5 APRIL 2008, Page 46

It’ll end in tears

James Delingpole

According to a recently divorced friend of mine, the sex opportunities when you’re a single man in your forties are fantastic. Apparently, you don’t even need to bother with chat-up lines. You’ll be hanging about at the bus stop, or wherever, and, bang!, a flash of meaningful eye contact then back to her place for brilliant, uncomplicated sex miles better than you ever had in your teens or twenties because at this age you know what you’re doing.

I’d like to be able to try out my friend’s theory but I’m afeared there might be opposition from the Fawn. Plus, this friend is a very rich banker, whereas I’m not. Plus, also, he told me a French saying which sums up a chap’s dilemma in this respect rather well: ‘A married man lives like a dog but dies like a king; a bachelor lives like a king but dies like a dog.’ The latter was certainly true of Hughie Green, the priapic Canadian wisecracker who spent a good 20 or 30 years cavalierly rogering the contestants on the game and talent shows he presented (Double Your Money; Opportunity Knocks) and chalking up an impressive tally of over a thousand on the side of his Spitfire.

‘Oh, that I should have such a career!’ many men may have thought yearningly as they watched Trevor Eve’s scarily realistic impersonation of the man — right down to that weird fluttery thing he used to do with his tongue — on Hughie Green, Most Sincerely (BBC4, Wednesday). But not for long. By the end, we saw, Green’s wife had long since left him, his kids wouldn’t speak to him, he’d betrayed his best friend, and he spent his last days yearning pathetically to see the beguiling illegitimate daughter who didn’t even know he was her father — the doomed Paula Yates.

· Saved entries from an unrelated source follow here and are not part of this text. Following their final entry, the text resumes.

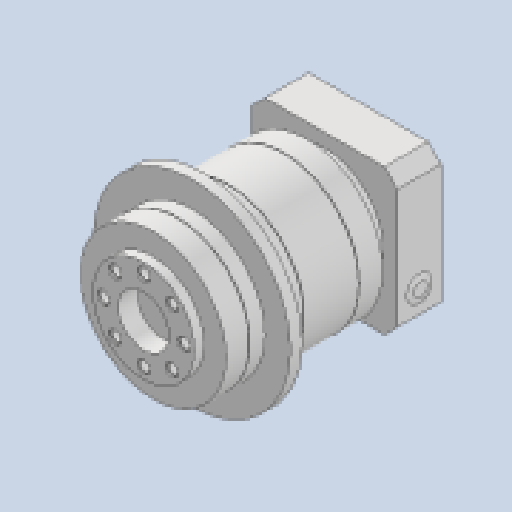
# Autodesk Inventor part: Gearbox
Saved by Autodesk Inventor 2025.2 (Build 292293000, 293)
## iProperties
Created: 2025-02-09
Part Number: Gearbox
Material: Generic
Document SubType Name: Modeling
Designer: LattePanda
Density: 1 g/cm^3
Appearance: Default
Author: LattePanda
Autodesk Inventor part; units mm, degrees
ref_plane "YZ Plane" through (0, 0, 0) normal (1, 0, 0) x (0, 1, 0)
ref_plane "XZ Plane" through (0, 0, 0) normal (0, 1, 0) x (-1, 0, 0)
ref_plane "XY Plane" through (0, 0, 0) normal (0, 0, 1) x (1, 0, 0)
sketch "Sketch1" plane through (0, 0, 0) normal (0, 0, 1) x (1, 0, 0)
  line L0 (-45, -45) -> (45, -45)
  line L1 (45, -45) -> (45, 45)
  line L2 (45, 45) -> (-45, 45)
  line L3 (-45, 45) -> (-45, -45)
  line L4 (-45, -45) -> (45, 45) construction
  line L5 (45, -45) -> (-45, 45) construction
  point P0 (0, 0)
  dimension "d0" = 90
  constraints: 12 end point, 2 midpoint, 2 parallel, 2 perpendicular, 1 horizontal
  measures "d0" distance of L1.end L2.end
extrude "Extrusion1" add sketch "Sketch1" along normal blind 27
chamfer "Chamfer1" distance 8 angle 45 4 edges at (45, 45, 13.5) (45, -45, 13.5) (-45, -45, 13.5) (-45, 45, 13.5)
sketch "Sketch2" plane through (0, 0, 27) normal (0, 0, 1) x (1, 0, 0)
  circle A0 centre (0, 0) radius 36.5
  dimension "d6" = 73
  constraints: 1 centre point, 1 coincident
  measures "d6" diameter of A0
extrude "Extrusion2" add sketch "Sketch2" along normal blind 11
sketch "Sketch3" plane through (0, 0, 38) normal (0, 0, 1) x (1, 0, 0)
  circle A0 centre (0, 0) radius 47
  dimension "d11" = 94
  constraints: 1 centre point, 1 coincident
  measures "d11" diameter of A0
extrude "Extrusion3" add sketch "Sketch3" along normal blind 15
chamfer "Chamfer2" distance 0.5 angle 45 1 edges at (-47, 0, 53)
sketch "Sketch4" plane through (0, 0, 53) normal (0, 0, 1) x (1, 0, 0)
  circle A0 centre (0, 0) radius 47 projected
extrude "Extrusion4" add sketch "Sketch4" along normal blind 34.25
chamfer "Chamfer3" distance 0.5 angle 45 1 edges at (-47, 0, 87.25)
sketch "Sketch5" plane through (0, 0, 87.25) normal (0, 0, 1) x (1, 0, 0)
  circle A0 centre (0, 0) radius 47 projected
extrude "Extrusion5" add sketch "Sketch5" along normal blind 15
sketch "Sketch6" plane through (0, 0, 102.25) normal (0, 0, 1) x (1, 0, 0)
  circle A0 centre (0, 0) radius 61
  circle A1 centre (0, 0) radius 47 projected
  dimension "d22" = 14
  constraints: 1 centre point, 1 coincident
  measures "d22" radial gap between concentric circles of A0 A1
extrude "Extrusion6" add sketch "Sketch6" along normal blind 7 contours A0 | A1
sketch "Sketch7" plane through (0, 0, 109.25) normal (0, 0, 1) x (1, 0, 0)
  circle A0 centre (0, 0) radius 45
  dimension "d25" = 90
  constraints: 1 centre point, 1 coincident
  measures "d25" diameter of A0
extrude "Extrusion7" add sketch "Sketch7" along normal blind 9.5
chamfer "Chamfer4" distance 0.5 angle 45 1 edges at (-45, 0, 118.75)
sketch "Sketch8" plane through (0, 0, 118.75) normal (0, 0, 1) x (1, 0, 0)
  circle A0 centre (0, 0) radius 45 projected
extrude "Extrusion8" add sketch "Sketch8" along normal blind 14.5
sketch "Sketch9" plane through (0, 0, 133.25) normal (0, 0, 1) x (1, 0, 0)
  circle A0 centre (0, 0) radius 31.5
  circle A1 centre (0, 0) radius 47 projected
  circle A2 centre (0, 0) radius 15.65
  dimension "d33" = 63
  dimension "d34" = 31.3
  constraints: 2 centre point, 2 coincident
  measures "d33" diameter of A0
  measures "d34" diameter of A2
extrude "Extrusion9" add sketch "Sketch9" along normal blind 6 contours A0
sketch "Sketch10" plane through (0, 0, 133.25) normal (0, 0, 1) x (1, 0, 0)
  circle A0 centre (0, 0) radius 15.65 projected
extrude "Extrusion10" cut sketch "Sketch10" against normal blind 6
sketch "Sketch11" plane through (0, 0, 139.25) normal (0, 0, 1) x (1, 0, 0)
  circle A0 centre (0, 0) radius 31.5 projected
  circle A1 centre (0, 0) radius 46.5 projected
  circle A2 centre (0, 0) radius 27.9 construction
  circle A3 centre (0, -24.9) radius 3
  line L0 (0, -85.4) -> (0, 85.4) construction
  circle A4 centre (0, 0) radius 24.9 construction
  circle A5 centre (17.607, -17.607) radius 3
  circle A6 centre (24.9, 0) radius 3
  circle A7 centre (17.607, 17.607) radius 3
  circle A8 centre (0, 24.9) radius 3
  circle A9 centre (-17.607, 17.607) radius 3
  circle A10 centre (-24.9, 0) radius 3
  circle A11 centre (-17.607, -17.607) radius 3
  circle A12 centre (-17.607, -17.607) radius 4
  circle A13 centre (0, -24.9) radius 4
  circle A14 centre (17.607, -17.607) radius 4
  circle A15 centre (24.9, 0) radius 4
  circle A16 centre (17.607, 17.607) radius 4
  circle A17 centre (-24.9, 0) radius 4
  circle A18 centre (-17.607, 17.607) radius 4
  circle A19 centre (0, 24.9) radius 4
  dimension "d39" = 3.6
  dimension "d40" = 6
  dimension "d43" = 360
  dimension "d47" = 8
  dimension "d48" = 8
  dimension "d49" = 8
  dimension "d50" = 8
  dimension "d51" = 8
  dimension "d52" = 8
  dimension "d53" = 8
  dimension "d54" = 8
  constraints: 17 centre point, 10 coincident, 1 point on line, 1 tangent, 1 vertical alignment, 19 other
  measures "d39" radial gap between concentric circles of A0 A2
  measures "d40" diameter of A3
  measures "d47" diameter of A12
  measures "d48" diameter of A13
  measures "d49" diameter of A14
  measures "d50" diameter of A15
  measures "d51" diameter of A16
  measures "d52" diameter of A17
  measures "d53" diameter of A18
  measures "d54" diameter of A19
extrude "Extrusion11" cut sketch "Sketch11" against normal blind 10 contours A3 | A5 | A6 | A7 | A8 | A9 | A10 | A11
extrude "Extrusion12" cut sketch "Sketch11" against normal blind 1 contours A3 | A5 | A6 | A7 | A8 | A9 | A10 | A11 | A12 | A13 | A14 | A15 | A16 | A17 | A18 | A19
sketch "Sketch12" plane through (45, -37, 0) normal (1, 0, 0) x (0, 0, -1)
  line L0 (-27, -8) -> (0, -8) projected
  line L1 (-13.5, -8) -> (-13.5, 14) construction
  circle A0 centre (-13.5, 14) radius 8
  point P0 (0, 37)
  dimension "d57" = 22
  dimension "d58" = 16
  constraints: 2 end point, 1 centre point, 1 coincident, 1 midpoint, 1 vertical
  measures "d57" distance of L1.start L1.end
  measures "d58" diameter of A0
extrude "Extrusion13" add sketch "Sketch12" along normal blind 1
fillet "Fillet1" radius 8 1 edges at (46, -23, 21.5)
mirror "Mirror1" about plane through (0, 0, 0) normal (1, 0, 0) of "Extrusion13", "Fillet1"
sketch "Sketch14" plane through (0, 0, 0) normal (0, 0, -1) x (-1, 0, 0)
  circle A0 centre (34.7985, -34.7985) radius 2.8 projected
  circle A1 centre (-34.7985, -34.7985) radius 2.8 projected
  circle A2 centre (-34.7985, 34.7985) radius 2.8 projected
  circle A3 centre (34.7985, 34.7985) radius 2.8 projected
  point P0 (0, 0)
hole "Hole1" at (-34.7985, -34.7985, 0) at (34.7985, -34.7985, 0) at (34.7985, 34.7985, 0) at (-34.7985, 34.7985, 0) direction (0, 0, 1) diameter 6 depth 10 tip angle 118
body "Solid1"

Like the equally wonderful programme about Stepoe and Son the other week, the Green drama was part of BBC4’s Curse of Comedy season, which is proving to be such a resounding success that it almost restores one’s faith in the future of television. Last week we had the tragedy of Tony Hancock (or Tony Blackburn as my father-in-law accidentally referred to him: now there’s a drama I’d love to watch one day), next week I think it’s David Walliams doing Kenneth Williams. ‘Kids,’ the general message seems to be, ‘whatever you do, don’t become a celebrity comedian. It’ll only end in tears.’ As modern TV drama goes, these programmes are heroically old-fashioned affairs: wordy and literate (they’d work just as well as stage plays) with proper acting and scenes that aren’t afraid to linger. Most TV commissioning editors will tell you that this is the sort of thing that doesn’t work on TV any more. They have this obsessive received idea — as unquestioned as their off-the-shelf left-liberal politics — that TV is a kinetic, visual and democratic medium and that any programme which diverges from these principles must perforce be a failure. We need to remind these brainless trendies — weirdly, it still really matters to them what critics think — that excellence is not about ticking boxes.

Clay (BBC1, Sunday) was another of those things all too rare these days — the English, made-for-TV family drama. I forced my kids to watch it as a sort of social experiment: can children whose synapses have been fried by constant exposure to hyperactive, Japaneseanimated cartoons cope with any film where very little happens for long periods?

Even I found it a bit turgid. Set in Northumberland in 1965, it was about a strange, sinister, apparently religious boy (Ben-Ryan Davies) who believes he has the power to breathe life into a creature he has built from clay. The clay monster only came alive in the last half-hour — and was quite nice, really; he didn’t even kill anybody — which left a full hour at the beginning for a glacially slow build-up. I was quite amazed the kids didn’t walk out.

That they didn’t was testament partly to the quality of the acting — with winning, thoroughly convincing performances from all the teen actors involved, and a bravura turn by Imelda Staunton as a mad old Catholic bint — and partly to the brooding atmosphere. Kids really like having their young minds messed with weird things they don’t understand and, so long as it’s done convincingly, are quite prepared to put up with a few longueurs. It’s why they can still cope with books like The Weirdstone of Brisingamen or The Lion, the Witch and the Wardrobe, despite the fact that they come from eras of much longer attention spans.

It’s examples like this that make me suspicious of the way ‘the public’ is always blamed for the relentless dumbing-down of our media. We’re told that cheap snacks and stupidity are what the viewers/listeners/ readers want, when more often it’s a case of morally and intellectually bankrupt producers/publishers/editors acclerating the slide in standards by pre-empting trends which don’t yet exist.

Did I ever tell you how much I hate this modern world?